Johnson will never stir the nation with his words, will never invigorate it with his example. But there are reasons to believe that on matters of policy Johnson will not suffer from an absence of ideas or new programs. First, Johnson has retained a Kennedy tradition. Although they have scarcely been publicized for fear of causing overconfidence, eleven "task forces" composed of one hundred special Presidential advisors are studying such problems as economic and social welfare, government organization, federal-state relations, and civil rights in order to suggest new areas of legislation. To each group has gone the command: Don't worry about politics.

Second, Hubert Humphrey will be Johnson's Vice-President. And whatever charges Representative Miller may make against Humphrey, he can never accuse him of lacking imagination.
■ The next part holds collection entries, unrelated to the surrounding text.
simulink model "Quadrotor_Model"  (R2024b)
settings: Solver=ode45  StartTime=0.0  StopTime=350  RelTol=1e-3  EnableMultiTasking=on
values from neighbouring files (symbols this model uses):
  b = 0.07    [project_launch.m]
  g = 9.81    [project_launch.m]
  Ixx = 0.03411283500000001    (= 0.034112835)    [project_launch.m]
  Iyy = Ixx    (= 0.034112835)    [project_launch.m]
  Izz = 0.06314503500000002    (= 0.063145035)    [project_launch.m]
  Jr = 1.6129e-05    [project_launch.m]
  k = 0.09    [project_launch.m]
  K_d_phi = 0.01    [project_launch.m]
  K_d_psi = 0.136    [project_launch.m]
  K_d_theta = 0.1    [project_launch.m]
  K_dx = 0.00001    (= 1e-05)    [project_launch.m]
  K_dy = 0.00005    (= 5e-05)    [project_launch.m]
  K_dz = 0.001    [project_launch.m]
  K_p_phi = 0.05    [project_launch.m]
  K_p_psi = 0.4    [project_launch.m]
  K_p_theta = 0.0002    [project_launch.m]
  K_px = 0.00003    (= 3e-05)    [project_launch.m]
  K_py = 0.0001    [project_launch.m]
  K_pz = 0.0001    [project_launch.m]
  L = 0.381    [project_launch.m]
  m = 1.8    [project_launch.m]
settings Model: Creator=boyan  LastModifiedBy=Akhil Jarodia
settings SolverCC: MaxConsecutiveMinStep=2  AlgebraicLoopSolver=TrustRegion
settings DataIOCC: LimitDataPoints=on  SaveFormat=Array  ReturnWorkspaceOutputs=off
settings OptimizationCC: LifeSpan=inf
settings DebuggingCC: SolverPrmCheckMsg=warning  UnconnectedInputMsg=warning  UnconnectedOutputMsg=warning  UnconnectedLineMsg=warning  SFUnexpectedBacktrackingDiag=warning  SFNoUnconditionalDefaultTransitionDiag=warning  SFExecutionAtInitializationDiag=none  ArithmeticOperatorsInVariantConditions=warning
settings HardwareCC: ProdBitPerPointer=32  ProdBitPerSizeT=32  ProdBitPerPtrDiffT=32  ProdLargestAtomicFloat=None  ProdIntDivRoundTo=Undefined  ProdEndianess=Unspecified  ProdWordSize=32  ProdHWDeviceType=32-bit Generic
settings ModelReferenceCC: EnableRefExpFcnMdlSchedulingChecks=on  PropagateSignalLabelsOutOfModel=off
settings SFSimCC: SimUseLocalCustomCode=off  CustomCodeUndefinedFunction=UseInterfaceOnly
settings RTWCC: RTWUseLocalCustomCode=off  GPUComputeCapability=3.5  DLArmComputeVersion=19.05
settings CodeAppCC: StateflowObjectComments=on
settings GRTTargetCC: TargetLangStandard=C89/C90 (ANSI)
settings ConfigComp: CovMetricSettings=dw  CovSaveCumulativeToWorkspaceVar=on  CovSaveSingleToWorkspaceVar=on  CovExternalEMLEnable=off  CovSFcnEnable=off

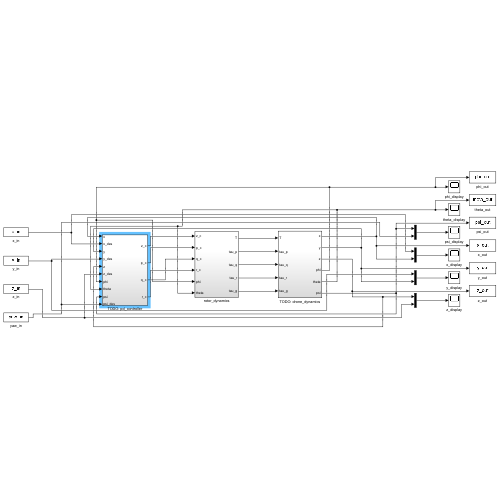
[thumbnail: Simulink's stored preview of the top-level diagram]
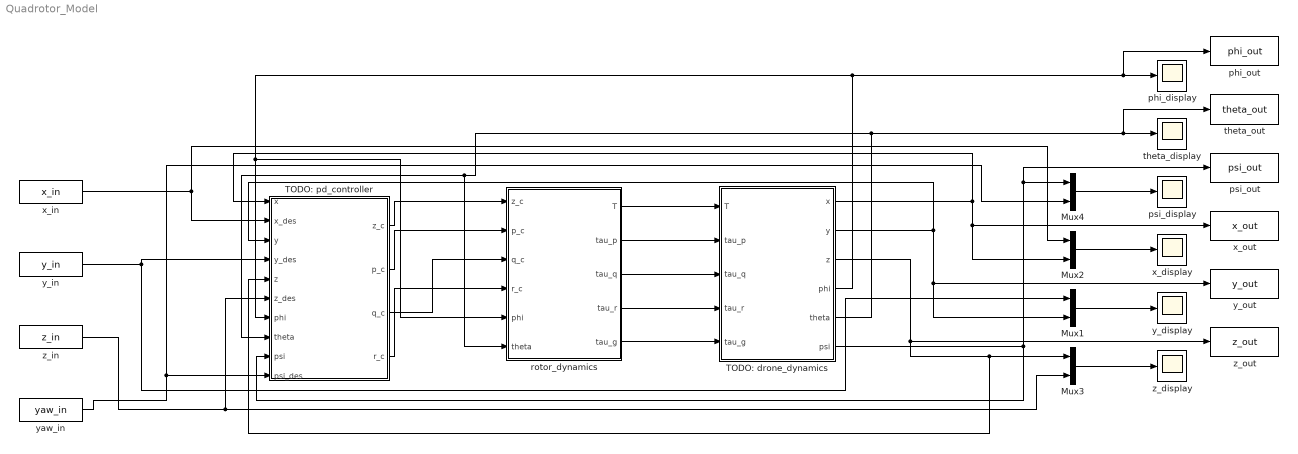
== system Quadrotor_Model ==
  Mux{1..4} (4 alike) : Mux  Inputs=2
  TODO: drone_dynamics : Subsystem
  TODO: pd_controller : Subsystem
  phi_display : Scope
  phi_out : ToWorkspace  VariableName=phi_out  SaveFormat=Timeseries  SampleTime=-1
  psi_display : Scope
  psi_out : ToWorkspace  VariableName=psi_out  SaveFormat=Timeseries  SampleTime=-1
  rotor_dynamics : Subsystem
  theta_display : Scope
  theta_out : ToWorkspace  VariableName=theta_out  SaveFormat=Timeseries  SampleTime=-1
  x_display : Scope
  x_in : FromWorkspace  VariableName=x_in
  x_out : ToWorkspace  VariableName=x_out  SaveFormat=Timeseries  SampleTime=-1
  y_display : Scope
  y_in : FromWorkspace  VariableName=y_in
  y_out : ToWorkspace  VariableName=y_out  SaveFormat=Timeseries  SampleTime=-1
  yaw_in : FromWorkspace  VariableName=yaw_in
  z_display : Scope
  z_in : FromWorkspace  VariableName=z_in
  z_out : ToWorkspace  VariableName=z_out  SaveFormat=Timeseries  SampleTime=-1
  wires:
  rotor_dynamics/1(T) -> TODO: drone_dynamics/1(T)
  rotor_dynamics/2(tau_p) -> TODO: drone_dynamics/2(tau_p)
  TODO: pd_controller/1(z_c) -> rotor_dynamics/1(z_c)
  TODO: pd_controller/2(p_c) -> rotor_dynamics/2(p_c)
  z_in/1 -> TODO: pd_controller/6(z_des), Mux3/2
  Mux1/1 -> y_display/1
  Mux2/1 -> x_display/1
  Mux4/1 -> psi_display/1
  Mux3/1 -> z_display/1
  TODO: drone_dynamics/6(psi) -> TODO: pd_controller/9(psi), psi_out/1, Mux4/1
  y_in/1 -> TODO: pd_controller/4(y_des), Mux1/1
  x_in/1 -> TODO: pd_controller/2(x_des), Mux2/1
  TODO: drone_dynamics/3(z) -> z_out/1, TODO: pd_controller/5(z), Mux3/1
  TODO: drone_dynamics/5(theta) -> theta_out/1, theta_display/1, rotor_dynamics/6(theta), TODO: pd_controller/8(theta)
  TODO: drone_dynamics/2(y) -> TODO: pd_controller/3(y), Mux1/2, y_out/1
  TODO: drone_dynamics/4(phi) -> phi_out/1, phi_display/1, rotor_dynamics/5(phi), TODO: pd_controller/7(phi)
  TODO: drone_dynamics/1(x) -> TODO: pd_controller/1(x), Mux2/2, x_out/1
  rotor_dynamics/5(tau_g) -> TODO: drone_dynamics/5(tau_g)
  rotor_dynamics/3(tau_q) -> TODO: drone_dynamics/3(tau_q)
  rotor_dynamics/4(tau_r) -> TODO: drone_dynamics/4(tau_r)
  yaw_in/1 -> Mux4/2, TODO: pd_controller/10(psi_des)
  TODO: pd_controller/4(r_c) -> rotor_dynamics/4(r_c)
  TODO: pd_controller/3(q_c) -> rotor_dynamics/3(q_c)

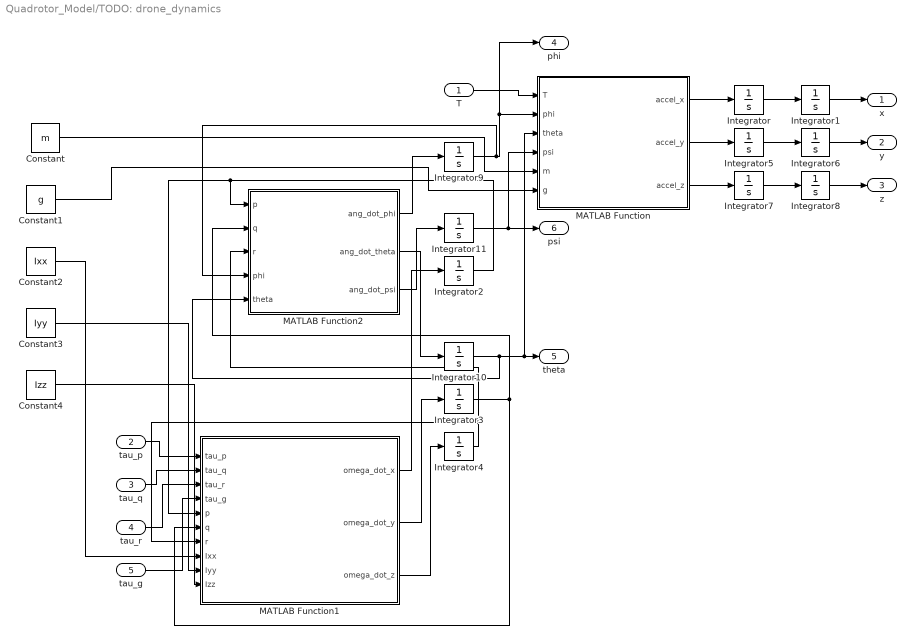
== system Quadrotor_Model/TODO: drone_dynamics ==
  T : Inport
  tau_p : Inport  Port=2
  tau_q : Inport  Port=3
  tau_r : Inport  Port=4
  tau_g : Inport  Port=5
  Constant : Constant  Value=m
  Constant1 : Constant  Value=g
  Constant2 : Constant  Value=Ixx
  Constant3 : Constant  Value=Iyy
  Constant4 : Constant  Value=Izz
  Integrator{,1..11} (12 alike) : Integrator
  MATLAB Function : MATLAB Function  TreatAsAtomicUnit=on
  MATLAB Function1 : MATLAB Function  TreatAsAtomicUnit=on
  MATLAB Function2 : MATLAB Function  TreatAsAtomicUnit=on
  x : Outport
  y : Outport  Port=2
  z : Outport  Port=3
  phi : Outport  Port=4
  theta : Outport  Port=5
  psi : Outport  Port=6
  wires:
  tau_p/1 -> MATLAB Function1/1(tau_p)
  tau_q/1 -> MATLAB Function1/2(tau_q)
  tau_r/1 -> MATLAB Function1/3(tau_r)
  tau_g/1 -> MATLAB Function1/4(tau_g)
  MATLAB Function2/3(ang_dot_psi) -> Integrator11/1
  MATLAB Function2/2(ang_dot_theta) -> Integrator10/1
  T/1 -> MATLAB Function/1(T)
  MATLAB Function2/1(ang_dot_phi) -> Integrator9/1
  MATLAB Function1/1(omega_dot_x) -> Integrator2/1
  MATLAB Function1/2(omega_dot_y) -> Integrator3/1
  MATLAB Function1/3(omega_dot_z) -> Integrator4/1
  Integrator9/1 -> phi/1, MATLAB Function/2(phi), MATLAB Function2/4(phi)
  Integrator5/1 -> Integrator6/1
  Integrator11/1 -> psi/1, MATLAB Function/4(psi)
  Integrator2/1 -> MATLAB Function1/5(p), MATLAB Function2/1(p)
  Integrator10/1 -> theta/1, MATLAB Function/3(theta), MATLAB Function2/5(theta)
  Integrator3/1 -> MATLAB Function2/2(q), MATLAB Function1/6(q)
  Integrator4/1 -> MATLAB Function1/7(r), MATLAB Function2/3(r)
  MATLAB Function/1(accel_x) -> Integrator/1
  MATLAB Function/2(accel_y) -> Integrator5/1
  MATLAB Function/3(accel_z) -> Integrator7/1
  Integrator/1 -> Integrator1/1
  Integrator7/1 -> Integrator8/1
  Integrator1/1 -> x/1
  Integrator6/1 -> y/1
  Integrator8/1 -> z/1
  Constant/1 -> MATLAB Function/5(m)
  Constant1/1 -> MATLAB Function/6(g)
  Constant2/1 -> MATLAB Function1/8(Ixx)
  Constant3/1 -> MATLAB Function1/9(Iyy)
  Constant4/1 -> MATLAB Function1/10(Izz)

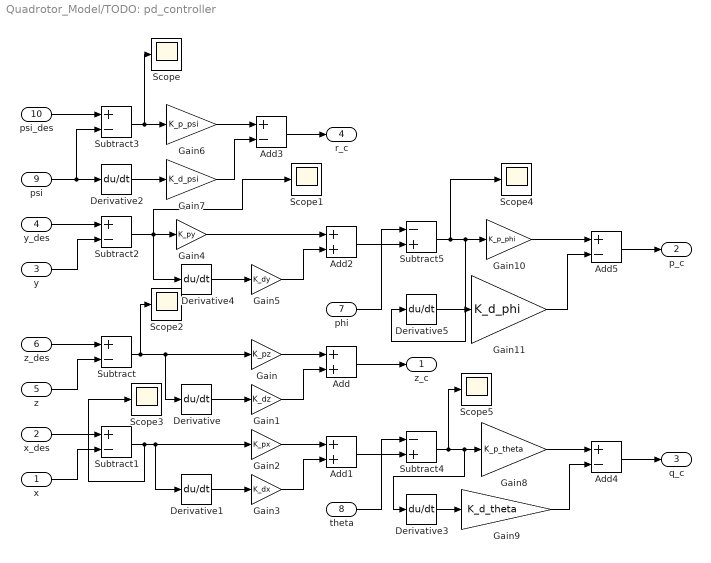
== system Quadrotor_Model/TODO: pd_controller ==
  x : Inport
  x_des : Inport  Port=2
  y : Inport  Port=3
  y_des : Inport  Port=4
  z : Inport  Port=5
  z_des : Inport  Port=6
  phi : Inport  Port=7
  theta : Inport  Port=8
  psi : Inport  Port=9
  psi_des : Inport  Port=10
  Add : Sum
  Add1 : Sum
  Add2 : Sum
  Add3 : Sum  Inputs=+-
  Add4 : Sum  Inputs=+-
  Add5 : Sum  Inputs=+-
  Derivative{,1..5} (6 alike) : Derivative
  Gain : Gain  Gain=K_pz
  Gain1 : Gain  Gain=K_dz
  Gain10 : Gain  Gain=K_p_phi
  Gain11 : Gain  Gain=K_d_phi
  Gain2 : Gain  Gain=K_px
  Gain3 : Gain  Gain=K_dx
  Gain4 : Gain  Gain=K_py
  Gain5 : Gain  Gain=K_dy
  Gain6 : Gain  Gain=K_p_psi
  Gain7 : Gain  Gain=K_d_psi
  Gain8 : Gain  Gain=K_p_theta
  Gain9 : Gain  Gain=K_d_theta
  Scope{,1..5} (6 alike) : Scope
  Subtract{,1..3} (4 alike) : Sum  Inputs=+-
  Subtract4 : Sum  Inputs=-+
  Subtract5 : Sum  Inputs=-+
  z_c : Outport
  p_c : Outport  Port=2
  q_c : Outport  Port=3
  r_c : Outport  Port=4
  wires:
  Add2/1 -> Subtract5/2
  psi/1 -> Subtract3/2, Derivative2/1
  x/1 -> Subtract1/2
  psi_des/1 -> Subtract3/1
  z_des/1 -> Subtract/1
  phi/1 -> Subtract5/1
  y/1 -> Subtract2/2
  y_des/1 -> Subtract2/1
  x_des/1 -> Subtract1/1
  z/1 -> Subtract/2
  Add1/1 -> Subtract4/2
  Subtract1/1 -> Scope3/1, Gain2/1, Derivative1/1
  Subtract3/1 -> Scope/1, Gain6/1
  Add/1 -> z_c/1
  Derivative2/1 -> Gain7/1
  Gain10/1 -> Add5/1
  Subtract/1 -> Scope2/1, Gain/1, Derivative/1
  Subtract2/1 -> Scope1/1, Gain4/1, Derivative4/1
  Gain6/1 -> Add3/1
  Gain7/1 -> Add3/2
  Gain4/1 -> Add2/1
  Derivative4/1 -> Gain5/1
  Derivative/1 -> Gain1/1
  Derivative1/1 -> Gain3/1
  Add3/1 -> r_c/1
  Gain5/1 -> Add2/2
  Gain/1 -> Add/1
  Gain3/1 -> Add1/2
  Gain1/1 -> Add/2
  Gain2/1 -> Add1/1
  theta/1 -> Subtract4/1
  Gain9/1 -> Add4/2
  Subtract5/1 -> Scope4/1, Derivative5/1, Gain10/1
  Derivative5/1 -> Gain11/1
  Gain11/1 -> Add5/2
  Subtract4/1 -> Scope5/1, Derivative3/1, Gain8/1
  Derivative3/1 -> Gain9/1
  Gain8/1 -> Add4/1
  Add5/1 -> p_c/1
  Add4/1 -> q_c/1

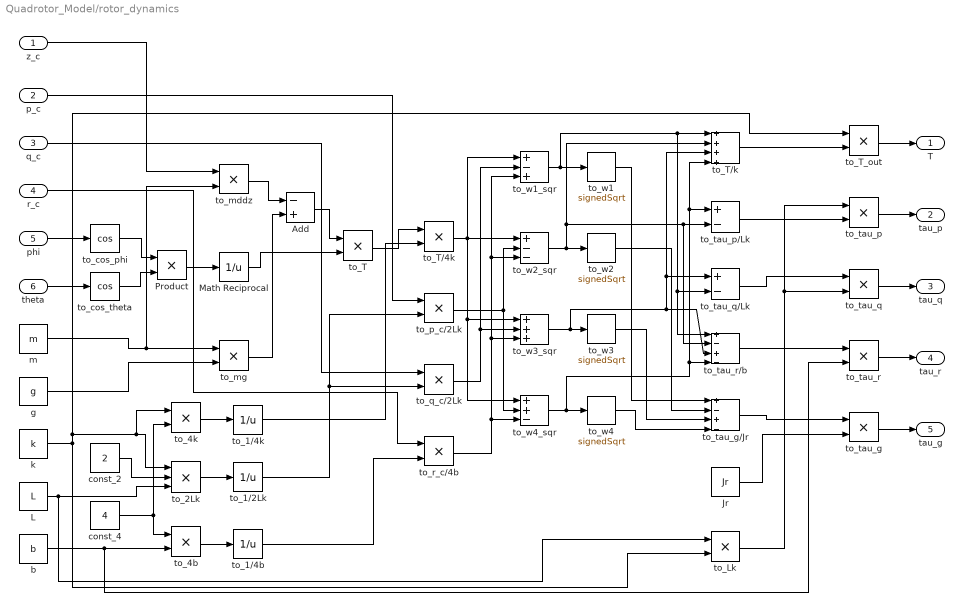
== system Quadrotor_Model/rotor_dynamics ==
  z_c : Inport
  p_c : Inport  Port=2
  q_c : Inport  Port=3
  r_c : Inport  Port=4
  phi : Inport  Port=5
  theta : Inport  Port=6
  Add : Sum  Inputs=-+
  Jr : Constant  Value=Jr
  L : Constant  Value=L
  Math Reciprocal : Math  Operator=reciprocal  SignedPower=on
  Product : Product
  b : Constant  Value=b
  const_2 : Constant  Value=2
  const_4 : Constant  Value=4
  g : Constant  Value=g
  k : Constant  Value=k
  m : Constant  Value=m
  to_1/2Lk : Math  Operator=reciprocal  SignedPower=on
  to_1/4b : Math  Operator=reciprocal  SignedPower=on
  to_1/4k : Math  Operator=reciprocal  SignedPower=on
  to_2Lk : Product  Inputs=3
  to_4b : Product
  to_4k : Product
  to_Lk : Product
  to_T : Product
  to_T/4k : Product
  to_T/k : Sum  Inputs=++++
  to_T_out : Product
  to_cos_phi : Trigonometry  Operator=cos
  to_cos_theta : Trigonometry  Operator=cos
  to_mddz : Product
  to_mg : Product
  to_p_c/2Lk : Product
  to_q_c/2Lk : Product
  to_r_c/4b : Product
  to_tau_g : Product
  to_tau_g/Jr : Sum  Inputs=+-+-
  to_tau_p : Product
  to_tau_p/Lk : Sum  Inputs=+-
  to_tau_q : Product
  to_tau_q/Lk : Sum  Inputs=+-
  to_tau_r : Product
  to_tau_r/b : Sum  Inputs=+-+-
  to_w{1..4} (4 alike) : Sqrt  Operator=signedSqrt
  to_w1_sqr : Sum  Inputs=+-+
  to_w2_sqr : Sum  Inputs=+--
  to_w3_sqr : Sum  Inputs=+++
  to_w4_sqr : Sum  Inputs=++-
  T : Outport
  tau_p : Outport  Port=2
  tau_q : Outport  Port=3
  tau_r : Outport  Port=4
  tau_g : Outport  Port=5
  wires:
  phi/1 -> to_cos_phi/1
  theta/1 -> to_cos_theta/1
  to_cos_phi/1 -> Product/1
  to_cos_theta/1 -> Product/2
  Product/1 -> Math Reciprocal/1
  m/1 -> to_mddz/2, to_mg/1
  g/1 -> to_mg/2
  to_mg/1 -> Add/2
  Math Reciprocal/1 -> to_T/2
  Add/1 -> to_T/1
  k/1 -> to_2Lk/1, to_4k/1, to_T_out/1, to_Lk/2
  const_4/1 -> to_4b/1, to_4k/2
  const_2/1 -> to_2Lk/2
  L/1 -> to_2Lk/3, to_Lk/1
  b/1 -> to_tau_r/2, to_4b/2
  to_4k/1 -> to_1/4k/1
  to_2Lk/1 -> to_1/2Lk/1
  to_4b/1 -> to_1/4b/1
  to_T/1 -> to_T/4k/1
  to_1/4k/1 -> to_T/4k/2
  p_c/1 -> to_p_c/2Lk/1
  to_1/2Lk/1 -> to_q_c/2Lk/2, to_p_c/2Lk/2
  q_c/1 -> to_q_c/2Lk/1
  to_1/4b/1 -> to_r_c/4b/2
  r_c/1 -> to_r_c/4b/1
  to_T/4k/1 -> to_w2_sqr/1, to_w3_sqr/1, to_w4_sqr/1, to_w1_sqr/1
  to_q_c/2Lk/1 -> to_w3_sqr/2, to_w1_sqr/2
  to_r_c/4b/1 -> to_w4_sqr/3, to_w3_sqr/3, to_w2_sqr/3, to_w1_sqr/3
  to_p_c/2Lk/1 -> to_w2_sqr/2, to_w4_sqr/2
  to_w1_sqr/1 -> to_w1/1, to_tau_r/b/1, to_tau_q/Lk/2, to_T/k/1
  to_w2_sqr/1 -> to_w2/1, to_tau_r/b/2, to_tau_p/Lk/2, to_T/k/2
  to_w3_sqr/1 -> to_w3/1, to_tau_q/Lk/1, to_T/k/3, to_tau_r/b/3
  to_w4_sqr/1 -> to_w4/1, to_tau_p/Lk/1, to_T/k/4, to_tau_r/b/4
  to_w2/1 -> to_tau_g/Jr/2
  to_w1/1 -> to_tau_g/Jr/1
  to_w3/1 -> to_tau_g/Jr/3
  to_w4/1 -> to_tau_g/Jr/4
  to_T_out/1 -> T/1
  to_T/k/1 -> to_T_out/2
  to_tau_p/1 -> tau_p/1
  to_tau_p/Lk/1 -> to_tau_p/2
  to_tau_q/1 -> tau_q/1
  to_tau_r/1 -> tau_r/1
  to_tau_r/b/1 -> to_tau_r/1
  to_tau_q/Lk/1 -> to_tau_q/1
  to_tau_g/1 -> tau_g/1
  to_tau_g/Jr/1 -> to_tau_g/1
  to_Lk/1 -> to_tau_p/1, to_tau_q/2
  Jr/1 -> to_tau_g/2
  z_c/1 -> to_mddz/1
  to_mddz/1 -> Add/1

== matlab function Quadrotor_Model/TODO: drone_dynamics/MATLAB Function1 ==
  data: tau_p input; omega_dot_x output; tau_q input; tau_r input; tau_g input; p input; q input; r input; omega_dot_y output; omega_dot_z output; Ixx input; Iyy input; Izz input
function [omega_dot_x, omega_dot_y, omega_dot_z] = rotational_dynamics(tau_p, tau_q, tau_r, tau_g, p, q, r, Ixx, Iyy, Izz)
    % Rotational Dynamics
    % Inputs:
    %   tau_p, tau_q, tau_r - Torques about x, y, z axes (Nm)
    %   tau_g               - Gyroscopic torque (Nm)
    %   p, q, r             - Angular velocities about x, y, z axes (rad/s)
    %   Ixx, Iyy, Izz       - Moments of inertia (kg·m^2)
    % Outputs:
    %   omega_dot           - Angular accelerations [dp/dt, dq/dt, dr/dt] (rad/s^2)

    % Compute angular accelerations
    omega_dot_x = (1 / Ixx) * (tau_p - tau_g * q + (Iyy - Izz) * q * r);
    omega_dot_y = (1 / Iyy) * (tau_q - tau_g * p + (Izz - Ixx) * p * r);
    omega_dot_z = (1 / Izz) * (tau_r + (Ixx - Iyy) * p * q);
end

== matlab function Quadrotor_Model/TODO: drone_dynamics/MATLAB Function ==
  data: T input; phi input; theta input; psi input; accel_x output; accel_y output; accel_z output; m input; g input
function [accel_x, accel_y, accel_z] = translational_dynamics(T, phi, theta, psi, m, g)
    % Translational Dynamics
    % Inputs:
    %   T     - Thrust (N)
    %   phi   - Roll angle (rad)
    %   theta - Pitch angle (rad)
    %   psi   - Yaw angle (rad)
    %   m     - Mass of the drone (kg)
    %   g     - Gravitational acceleration (m/s^2)
    % Outputs:
    %   accel - Translational accelerations [ddot_x, ddot_y, ddot_z] (m/s^2)
    % Compute translational accelerations
    accel_x = (T / m) * (cos(psi) * sin(theta) * cos(phi) + sin(psi) * sin(phi));
    accel_y = (T / m) * (sin(psi) * sin(theta) * cos(phi) - cos(psi) * sin(phi));
    accel_z = (T / m) * (cos(theta) * cos(phi)) - g;
end

== matlab function Quadrotor_Model/TODO: drone_dynamics/MATLAB Function2 ==
  data: p input; ang_dot_phi output; q input; r input; phi input; theta input; ang_dot_theta output; ang_dot_psi output
function [ang_dot_phi, ang_dot_theta, ang_dot_psi] = euler_angle_dynamics(p, q, r, phi, theta)
    % Euler Angle Dynamics
    % Inputs:
    %   p, q, r   - Angular velocities about x, y, z axes (rad/s)
    %   phi, theta - Roll and pitch angles (rad)
    % Outputs:
    %   ang_dot   - Euler angle rates [dphi/dt, dtheta/dt, dpsi/dt] (rad/s)

    % Compute Euler angle derivatives
    ang_dot_phi = p + q * sin(phi) * tan(theta) + r * cos(phi) * tan(theta);
    ang_dot_theta = q * cos(phi) - r * sin(phi);
    ang_dot_psi = q * sin(phi) / cos(theta) + r * cos(phi) / cos(theta);
end

Moreover, liberal fears to the contrary, the Minnesota Senator will probably exert considerable influence on new policy. Himself only months removed from the Vice-Presidency, Johnson is not about to take a man of unquestioned talent and energy and relegate him, in the words of Everett Dirksen, to "shuffle around the world eating camels' eyes at potentates' tables."

III

Even if Johnson and Humphrey were less able than they are, it is inconceivable that a vote could be cast for the Republican candidates. Goldwater's childish approach to foreign policy, simplistic criticism of "big government," irresponsible stand on civil rights and unconscionable vote on the Test Ban Treaty head the list of his disqualifications for the Presidency. His pious platitudes, vaulting contradictions, and historical blindness combined with his thinly veiled exploitation of fear and prejudice mark Goldwater as a thoroughly bankrupt candidate. And as Know-Nothingism incarnate ("In your heart you know he's right"), Goldwater has demonstrated his lack of intelligence with appalling frequency; his election would be nothing less than a catastrophe.

Advertisement

Putting Representative Miller a heart beat from the Presidency is even more unthinkable. Deficient in experience, performance, and ability, Miller is a despicable non-entity, a hack politician whose vicious campaign eminently qualifies him for the discredited obscurity he will find after November 3.

Johnson is of course the only sensible choice. But those words don't convey the latent excitement, the almost unprecedented potential which his election implies. In domestic affairs, Johnson and Humphrey give the promise of a new progressive era in American history. In foreign affairs, the new Administration will undoubtedly continue the sophisticated and successful foreign policy of the Kennedy men, Secretaries Rusk and McNamara.

Whether Johnson will join vision and political power, will extend the Kennedy tradition of shifting the country from the programs of the thirties to the policies necessary for the sixties and seventies must remain uncertain for the moment. But we believe he can and will. Johnson's motivation, like Kennedy's when he became President, is to make secure his place in history. Such ambition combined with talent and energy give hope for the next four years as a time of great fulfillment as the last four years were a time of great promise.